## [TASK INPUT]
- - - - - - -

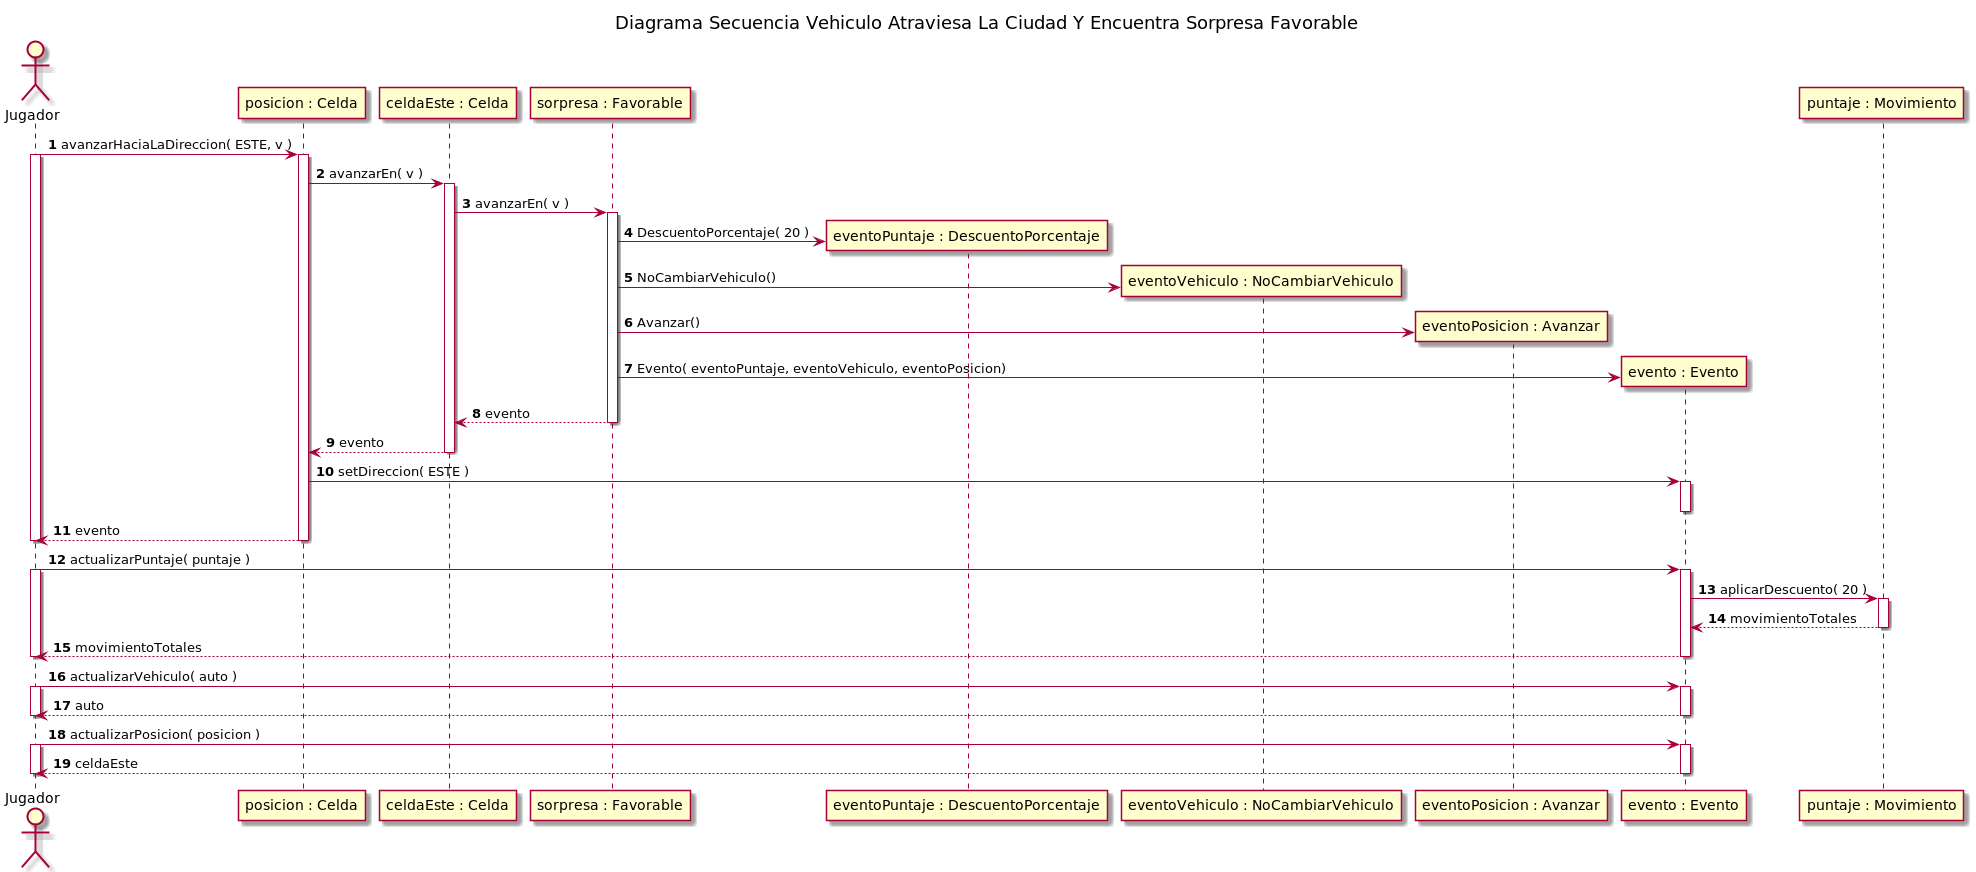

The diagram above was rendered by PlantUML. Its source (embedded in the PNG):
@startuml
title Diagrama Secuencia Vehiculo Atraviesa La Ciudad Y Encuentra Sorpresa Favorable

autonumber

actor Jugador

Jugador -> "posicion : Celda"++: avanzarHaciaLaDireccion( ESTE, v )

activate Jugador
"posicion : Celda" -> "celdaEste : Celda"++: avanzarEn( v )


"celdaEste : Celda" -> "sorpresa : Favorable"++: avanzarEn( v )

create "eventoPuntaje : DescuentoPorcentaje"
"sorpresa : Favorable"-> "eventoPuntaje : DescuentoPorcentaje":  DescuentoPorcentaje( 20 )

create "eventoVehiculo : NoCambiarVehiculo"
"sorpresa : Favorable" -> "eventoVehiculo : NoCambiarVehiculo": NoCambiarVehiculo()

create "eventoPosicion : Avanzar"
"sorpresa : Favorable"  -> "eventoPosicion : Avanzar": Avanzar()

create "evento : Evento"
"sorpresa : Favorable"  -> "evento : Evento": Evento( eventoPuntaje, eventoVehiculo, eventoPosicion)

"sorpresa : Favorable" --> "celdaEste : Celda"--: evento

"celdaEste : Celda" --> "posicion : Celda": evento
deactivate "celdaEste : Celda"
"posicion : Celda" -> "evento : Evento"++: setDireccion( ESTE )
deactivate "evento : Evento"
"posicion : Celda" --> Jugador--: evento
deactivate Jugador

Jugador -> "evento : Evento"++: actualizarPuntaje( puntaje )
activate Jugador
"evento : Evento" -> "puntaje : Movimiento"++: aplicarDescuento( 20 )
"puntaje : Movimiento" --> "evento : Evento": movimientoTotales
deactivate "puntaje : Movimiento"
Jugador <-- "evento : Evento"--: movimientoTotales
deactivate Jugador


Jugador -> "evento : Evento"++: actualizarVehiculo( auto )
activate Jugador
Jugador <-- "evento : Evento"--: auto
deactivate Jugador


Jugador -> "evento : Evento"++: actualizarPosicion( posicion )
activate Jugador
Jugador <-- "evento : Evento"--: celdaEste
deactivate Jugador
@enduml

- - - - - - -

## [WORK INSTRUCTIONS]
Copy out all the records exactly, excluding pictures.

## [EXERCISE OUTPUT]
The diagram above was rendered by PlantUML. Its source (embedded in the PNG):
@startuml
title Diagrama Secuencia Vehiculo Atraviesa La Ciudad Y Encuentra Sorpresa Favorable

autonumber

actor Jugador

Jugador -> "posicion : Celda"++: avanzarHaciaLaDireccion( ESTE, v )

activate Jugador
"posicion : Celda" -> "celdaEste : Celda"++: avanzarEn( v )


"celdaEste : Celda" -> "sorpresa : Favorable"++: avanzarEn( v )

create "eventoPuntaje : DescuentoPorcentaje"
"sorpresa : Favorable"-> "eventoPuntaje : DescuentoPorcentaje":  DescuentoPorcentaje( 20 )

create "eventoVehiculo : NoCambiarVehiculo"
"sorpresa : Favorable" -> "eventoVehiculo : NoCambiarVehiculo": NoCambiarVehiculo()

create "eventoPosicion : Avanzar"
"sorpresa : Favorable"  -> "eventoPosicion : Avanzar": Avanzar()

create "evento : Evento"
"sorpresa : Favorable"  -> "evento : Evento": Evento( eventoPuntaje, eventoVehiculo, eventoPosicion)

"sorpresa : Favorable" --> "celdaEste : Celda"--: evento

"celdaEste : Celda" --> "posicion : Celda": evento
deactivate "celdaEste : Celda"
"posicion : Celda" -> "evento : Evento"++: setDireccion( ESTE )
deactivate "evento : Evento"
"posicion : Celda" --> Jugador--: evento
deactivate Jugador

Jugador -> "evento : Evento"++: actualizarPuntaje( puntaje )
activate Jugador
"evento : Evento" -> "puntaje : Movimiento"++: aplicarDescuento( 20 )
"puntaje : Movimiento" --> "evento : Evento": movimientoTotales
deactivate "puntaje : Movimiento"
Jugador <-- "evento : Evento"--: movimientoTotales
deactivate Jugador


Jugador -> "evento : Evento"++: actualizarVehiculo( auto )
activate Jugador
Jugador <-- "evento : Evento"--: auto
deactivate Jugador


Jugador -> "evento : Evento"++: actualizarPosicion( posicion )
activate Jugador
Jugador <-- "evento : Evento"--: celdaEste
deactivate Jugador
@enduml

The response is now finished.